• Exercise instructions
In the data below, locate each line with the word "GolfSwingZVCF" and list it.

• Dataset content
========

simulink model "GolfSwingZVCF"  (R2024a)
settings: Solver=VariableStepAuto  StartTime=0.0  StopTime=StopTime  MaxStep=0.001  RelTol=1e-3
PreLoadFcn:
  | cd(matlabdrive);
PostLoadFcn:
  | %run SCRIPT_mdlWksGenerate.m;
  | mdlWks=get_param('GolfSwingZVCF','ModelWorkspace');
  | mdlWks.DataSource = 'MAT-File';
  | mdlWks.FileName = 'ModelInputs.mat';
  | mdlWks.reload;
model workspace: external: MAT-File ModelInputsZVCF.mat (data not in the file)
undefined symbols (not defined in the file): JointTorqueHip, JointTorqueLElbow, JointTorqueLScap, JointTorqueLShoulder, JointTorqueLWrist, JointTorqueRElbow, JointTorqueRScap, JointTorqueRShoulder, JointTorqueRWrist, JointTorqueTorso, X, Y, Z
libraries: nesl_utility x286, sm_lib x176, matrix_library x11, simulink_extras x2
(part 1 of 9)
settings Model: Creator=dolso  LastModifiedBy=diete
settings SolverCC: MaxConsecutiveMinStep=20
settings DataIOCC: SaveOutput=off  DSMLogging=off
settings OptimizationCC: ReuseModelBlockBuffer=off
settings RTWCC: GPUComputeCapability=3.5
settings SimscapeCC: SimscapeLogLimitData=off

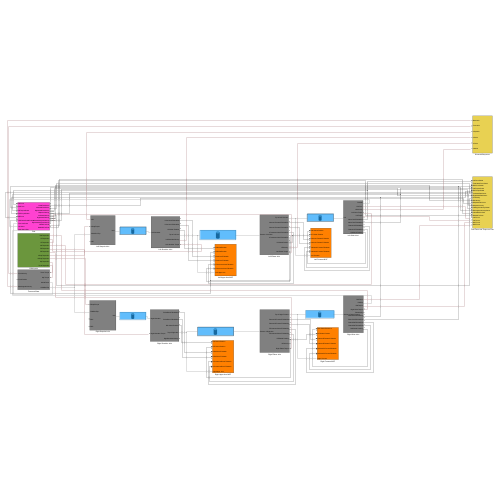
[thumbnail: Simulink's stored preview of the top-level diagram]
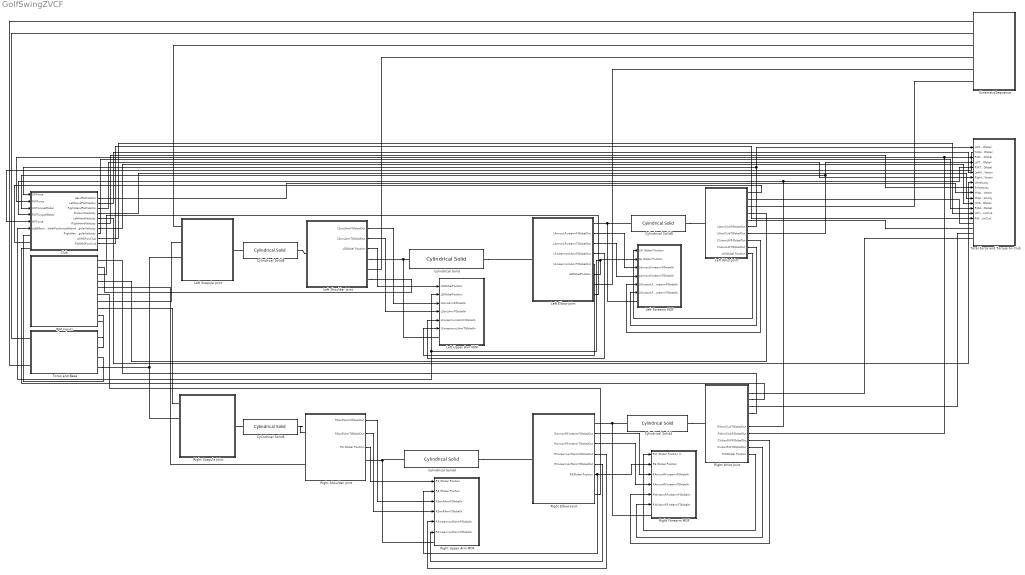
== system GolfSwingZVCF ==
  Club : Subsystem
  Cylindrical Solid : sm_lib/Body Elements/Cylindrical Solid  CylinderRadius=1.75  CylinderRadiusUnits=in  CylinderLength=12  CylinderLengthUnits=in  ExportEntireGeometry=off  InertiaType=CalculateFromGeometry  BasedOnType=Mass  Density=1000  DensityUnits=kg/m^3  Mass=5  MassUnits=lbm  CenterOfMass=[0 0 0]  CenterOfMassUnits=m  MomentsOfInertia=[1 1 1]  MomentsOfInertiaUnits=kg*m^2  ProductsOfInertia=[0 0 0]  ProductsOfInertiaUnits=kg*m^2  GraphicType=FromGeometry  MarkerShape=Sphere  MarkerSize=10  GraphicVisPropType=SimpleVisualProperties  GraphicDiffuseColor=[0.2 0.2 1.0]  GraphicOpacity=1.0  GraphicSpecularColor=[0.5 0.5 0.5 1.0]  GraphicAmbientColor=[0.15 0.15 0.15 1.0]  GraphicEmissiveColor=[0.0 0.0 0.0 1.0]  GraphicShininess=75  DoExposeReferenceFrame=off  SerializedFrames=<Frames><Frame><Id>Frame1</Id><Value><Name>Top of Left Arm</Name><Origin><Source>GeometricFeature</Source><FeatureName>top curve</FeatureName></Origin><PrimaryAxis><DefinedDirection>-X</DefinedDirection><Source>ReferenceFrame</Source><SourceDirection>+Z</SourceDirection><FeatureName></FeatureName></PrimaryAxis><SecondaryAxis><DefinedDirection>+Y</DefinedDirection><Source>ReferenceFrame</Source><SourceDirection>+X</SourceDirection><FeatureName></FeatureName></SecondaryAxis></Value></Frame><Frame><Id>Frame2</Id><Value><Name>Bottom of Left Arm</Name><Origin><Source>GeometricFeature</Source><FeatureName>bottom curve</FeatureName></Origin><PrimaryAxis><DefinedDirection>-X</DefinedDirection><Source>ReferenceFrame</Source><SourceDirection>+Z</SourceDirection><FeatureName></FeatureName></PrimaryAxis><SecondaryAxis><DefinedDirection>+Y</DefinedDirection><Source>ReferenceFrame</Source><SourceDirection>+X</SourceDirection><FeatureName></FeatureName></SecondaryAxis></Value></Frame></Frames>
  Cylindrical Solid3 : sm_lib/Body Elements/Cylindrical Solid  CylinderRadius=1.75  CylinderRadiusUnits=in  CylinderLength=12  CylinderLengthUnits=in  ExportEntireGeometry=off  InertiaType=CalculateFromGeometry  BasedOnType=Mass  Density=1000  DensityUnits=kg/m^3  Mass=5  MassUnits=lbm  CenterOfMass=[0 0 0]  CenterOfMassUnits=m  MomentsOfInertia=[1 1 1]  MomentsOfInertiaUnits=kg*m^2  ProductsOfInertia=[0 0 0]  ProductsOfInertiaUnits=kg*m^2  GraphicType=FromGeometry  MarkerShape=Sphere  MarkerSize=10  GraphicVisPropType=SimpleVisualProperties  GraphicDiffuseColor=[0.2 0.2 1.0]  GraphicOpacity=1.0  GraphicSpecularColor=[0.5 0.5 0.5 1.0]  GraphicAmbientColor=[0.15 0.15 0.15 1.0]  GraphicEmissiveColor=[0.0 0.0 0.0 1.0]  GraphicShininess=75  DoExposeReferenceFrame=off  SerializedFrames=<Frames><Frame><Id>Frame1</Id><Value><Name>Top of Right Arm</Name><Origin><Source>GeometricFeature</Source><FeatureName>top curve</FeatureName></Origin><PrimaryAxis><DefinedDirection>-X</DefinedDirection><Source>ReferenceFrame</Source><SourceDirection>+Z</SourceDirection><FeatureName></FeatureName></PrimaryAxis><SecondaryAxis><DefinedDirection>+Y</DefinedDirection><Source>ReferenceFrame</Source><SourceDirection>+X</SourceDirection><FeatureName></FeatureName></SecondaryAxis></Value></Frame><Frame><Id>Frame2</Id><Value><Name>Bottom of Right Arm</Name><Origin><Source>GeometricFeature</Source><FeatureName>bottom curve</FeatureName></Origin><PrimaryAxis><DefinedDirection>-X</DefinedDirection><Source>ReferenceFrame</Source><SourceDirection>+Z</SourceDirection><FeatureName></FeatureName></PrimaryAxis><SecondaryAxis><DefinedDirection>+Y</DefinedDirection><Source>ReferenceFrame</Source><SourceDirection>+X</SourceDirection><FeatureName></FeatureName></SecondaryAxis></Value></Frame></Frames>
  Cylindrical Solid4 : sm_lib/Body Elements/Cylindrical Solid  CylinderRadius=1.75  CylinderRadiusUnits=in  CylinderLength=14  CylinderLengthUnits=in  ExportEntireGeometry=off  InertiaType=CalculateFromGeometry  BasedOnType=Mass  Density=1000  DensityUnits=kg/m^3  Mass=5  MassUnits=lbm  CenterOfMass=[0 0 0]  CenterOfMassUnits=m  MomentsOfInertia=[1 1 1]  MomentsOfInertiaUnits=kg*m^2  ProductsOfInertia=[0 0 0]  ProductsOfInertiaUnits=kg*m^2  GraphicType=FromGeometry  MarkerShape=Sphere  MarkerSize=10  GraphicVisPropType=SimpleVisualProperties  GraphicDiffuseColor=[1.0 0.8 0.4]  GraphicOpacity=1.0  GraphicSpecularColor=[0.5 0.5 0.5 1.0]  GraphicAmbientColor=[0.15 0.15 0.15 1.0]  GraphicEmissiveColor=[0.0 0.0 0.0 1.0]  GraphicShininess=75  DoExposeReferenceFrame=off  SerializedFrames=<Frames><Frame><Id>Frame1</Id><Value><Name>Top of Right Forearm</Name><Origin><Source>GeometricFeature</Source><FeatureName>top curve</FeatureName></Origin><PrimaryAxis><DefinedDirection>-X</DefinedDirection><Source>ReferenceFrame</Source><SourceDirection>+Z</SourceDirection><FeatureName></FeatureName></PrimaryAxis><SecondaryAxis><DefinedDirection>+Y</DefinedDirection><Source>ReferenceFrame</Source><SourceDirection>+X</SourceDirection><FeatureName></FeatureName></SecondaryAxis></Value></Frame><Frame><Id>Frame2</Id><Value><Name>Bottom of Right Forearm</Name><Origin><Source>GeometricFeature</Source><FeatureName>bottom curve</FeatureName></Origin><PrimaryAxis><DefinedDirection>+X</DefinedDirection><Source>ReferenceFrame</Source><SourceDirection>-Z</SourceDirection><FeatureName></FeatureName></PrimaryAxis><SecondaryAxis><DefinedDirection>-Y</DefinedDirection><Source>ReferenceFrame</Source><SourceDirection>-X</SourceDirection><FeatureName></FeatureName></SecondaryAxis></Value></Frame></Frames>
  Cylindrical Solid5 : sm_lib/Body Elements/Cylindrical Solid  CylinderRadius=3  CylinderRadiusUnits=in  CylinderLength=10  CylinderLengthUnits=in  ExportEntireGeometry=off  InertiaType=CalculateFromGeometry  BasedOnType=Mass  Density=2000  DensityUnits=kg/m^3  Mass=10  MassUnits=kg  CenterOfMass=[0 0 0]  CenterOfMassUnits=m  MomentsOfInertia=[1 1 1]  MomentsOfInertiaUnits=kg*m^2  ProductsOfInertia=[0 0 0]  ProductsOfInertiaUnits=kg*m^2  GraphicType=FromGeometry  MarkerShape=Sphere  MarkerSize=10  GraphicVisPropType=SimpleVisualProperties  GraphicDiffuseColor=[0.2 0.2 1.0]  GraphicOpacity=1.0  GraphicSpecularColor=[0.5 0.5 0.5 1.0]  GraphicAmbientColor=[0.15 0.15 0.15 1.0]  GraphicEmissiveColor=[0.0 0.0 0.0 1.0]  GraphicShininess=75  DoExposeReferenceFrame=off  SerializedFrames=<Frames><Frame><Id>Frame1</Id><Value><Name>Hub</Name><Origin><Source>GeometricFeature</Source><FeatureName>top curve</FeatureName></Origin><PrimaryAxis><DefinedDirection>-X</DefinedDirection><Source>ReferenceFrame</Source><SourceDirection>-Z</SourceDirection><FeatureName></FeatureName></PrimaryAxis><SecondaryAxis><DefinedDirection>+Y</DefinedDirection><Source>ReferenceFrame</Source><SourceDirection>-X</SourceDirection><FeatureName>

========

• Answer to this task
simulink model "GolfSwingZVCF"  (R2024a)
  | mdlWks=get_param('GolfSwingZVCF','ModelWorkspace');
== system GolfSwingZVCF ==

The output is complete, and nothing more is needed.